Study limitations included the small sample size and lack of a control group; therefore, we cannot be certain that the improvements in symptoms were the direct result of the intervention. Because this was a feasibility study, formal sample size calculations were not conducted. Effect sizes are provided to inform a future trial with a usual-care control group. Point estimates suggest the intervention might lead to moderate to large changes in positive but not negative symptoms of DPN. Limitations of the PAI technology included connectivity issues and an inability for participants to view information outside the last seven days on the app, which might have affected tracking of long-term physical activity behaviours. Finally, the behaviour change counselling was delivered by health professionals not traditionally trained in this discipline, which might have constrained impact.

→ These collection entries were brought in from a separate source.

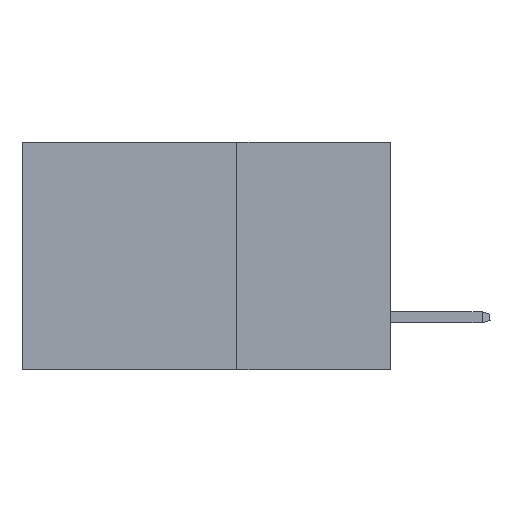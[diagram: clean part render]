
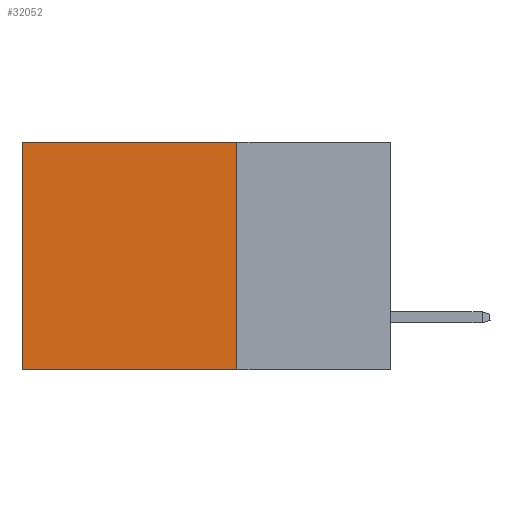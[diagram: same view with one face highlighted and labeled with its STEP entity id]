
A CAD part, left-side view. The second image highlights one B-rep face of the part: STEP entity #32052.
In plain terms, the highlighted planar face has unit normal (-1, 0, 0).
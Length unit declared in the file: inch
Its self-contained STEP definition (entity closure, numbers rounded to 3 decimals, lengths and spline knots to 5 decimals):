
#1383 = CARTESIAN_POINT ( 'NONE',  ( 0.2875, 0.25, 0. ) ) ;
#3072 = LINE ( 'NONE', #11454, #32272 ) ;
#3808 = VERTEX_POINT ( 'NONE', #20992 ) ;
#3933 = LINE ( 'NONE', #30105, #33134 ) ;
#4435 = VECTOR ( 'NONE', #12988, 39.37008 ) ;
#5446 = DIRECTION ( 'NONE',  ( 0., 1., 0. ) ) ;
#6656 = LINE ( 'NONE', #12482, #4435 ) ;
#6972 = CARTESIAN_POINT ( 'NONE',  ( 0.2875, 0.6, 0. ) ) ;
#7081 = FACE_OUTER_BOUND ( 'NONE', #30098, .T. ) ;
#8031 = DIRECTION ( 'NONE',  ( 0., 0., -1. ) ) ;
#8415 = DIRECTION ( 'NONE',  ( 0., 1., 0. ) ) ;
#11454 = CARTESIAN_POINT ( 'NONE',  ( 0.2875, 0.25, -0.37 ) ) ;
#12482 = CARTESIAN_POINT ( 'NONE',  ( 0.2875, 0.6, 0. ) ) ;
#12988 = DIRECTION ( 'NONE',  ( 0., 0., -1. ) ) ;
#13848 = CARTESIAN_POINT ( 'NONE',  ( 0.2875, 0.25, -0.37 ) ) ;
#15302 = EDGE_CURVE ( 'NONE', #23507, #3808, #3072, .T. ) ;
#17735 = LINE ( 'NONE', #1383, #31494 ) ;
#18974 = CARTESIAN_POINT ( 'NONE',  ( 0.2875, 0.25, 0. ) ) ;
#18984 = VERTEX_POINT ( 'NONE', #6972 ) ;
#20992 = CARTESIAN_POINT ( 'NONE',  ( 0.2875, 0.6, -0.37 ) ) ;
#21355 = ORIENTED_EDGE ( 'NONE', *, *, #34519, .F. ) ;
#22083 = DIRECTION ( 'NONE',  ( 1., 0., 0. ) ) ;
#22270 = EDGE_CURVE ( 'NONE', #33898, #18984, #3933, .T. ) ;
#23507 = VERTEX_POINT ( 'NONE', #13848 ) ;
#24689 = CARTESIAN_POINT ( 'NONE',  ( 0.2875, 0.25, 0. ) ) ;
#24942 = DIRECTION ( 'NONE',  ( 0., 0., -1. ) ) ;
#27401 = EDGE_CURVE ( 'NONE', #18984, #3808, #6656, .T. ) ;
#28536 = AXIS2_PLACEMENT_3D ( 'NONE', #18974, #22083, #24942 ) ;
#28676 = ORIENTED_EDGE ( 'NONE', *, *, #15302, .F. ) ;
#29277 = ORIENTED_EDGE ( 'NONE', *, *, #27401, .T. ) ;
#30098 = EDGE_LOOP ( 'NONE', ( #29277, #28676, #21355, #32112 ) ) ;
#30105 = CARTESIAN_POINT ( 'NONE',  ( 0.2875, 0.25, 0. ) ) ;
#31494 = VECTOR ( 'NONE', #8031, 39.37008 ) ;
#32052 = ADVANCED_FACE ( 'NONE', ( #7081 ), #32952, .F. ) ;
#32112 = ORIENTED_EDGE ( 'NONE', *, *, #22270, .T. ) ;
#32272 = VECTOR ( 'NONE', #5446, 39.37008 ) ;
#32952 = PLANE ( 'NONE',  #28536 ) ;
#33134 = VECTOR ( 'NONE', #8415, 39.37008 ) ;
#33898 = VERTEX_POINT ( 'NONE', #24689 ) ;
#34519 = EDGE_CURVE ( 'NONE', #33898, #23507, #17735, .T. ) ;

PAI provides user-friendly, quantifiable feedback on an individual’s daily physical activity, which might serve as a motivator to reduce their long-term health risk. PAI might also serve as an important tool in health management in primary care. Sharing this metric with general practitioners might lead to a discussion of physical activity goals, barriers and enablers and tracking of progress over time. General practitioners are also encouraged to enable patients to connect with other allied health professionals (eg accredited exercise physiologists, physiotherapists and health psychologists) who can collaborate to promote physical activity. Further studies are needed to implement and test whether use of the PAI eHealth program in primary care can enhance public health.
Conclusion
An innovative, brief eHealth program integrating PAI, exercise tasters, behaviour change counselling and self-monitoring of heart-rate responses to exercise was acceptable and feasible in low-active adults with DPN. Participants achieved health-enhancing levels of physical activity, reported reduced intensity of painful foot symptoms and had no serious adverse events. However, a decline in PAI scores after completion of the four-week in-person program indicates additional strategies are needed to maintain self-directed physical activity behaviour.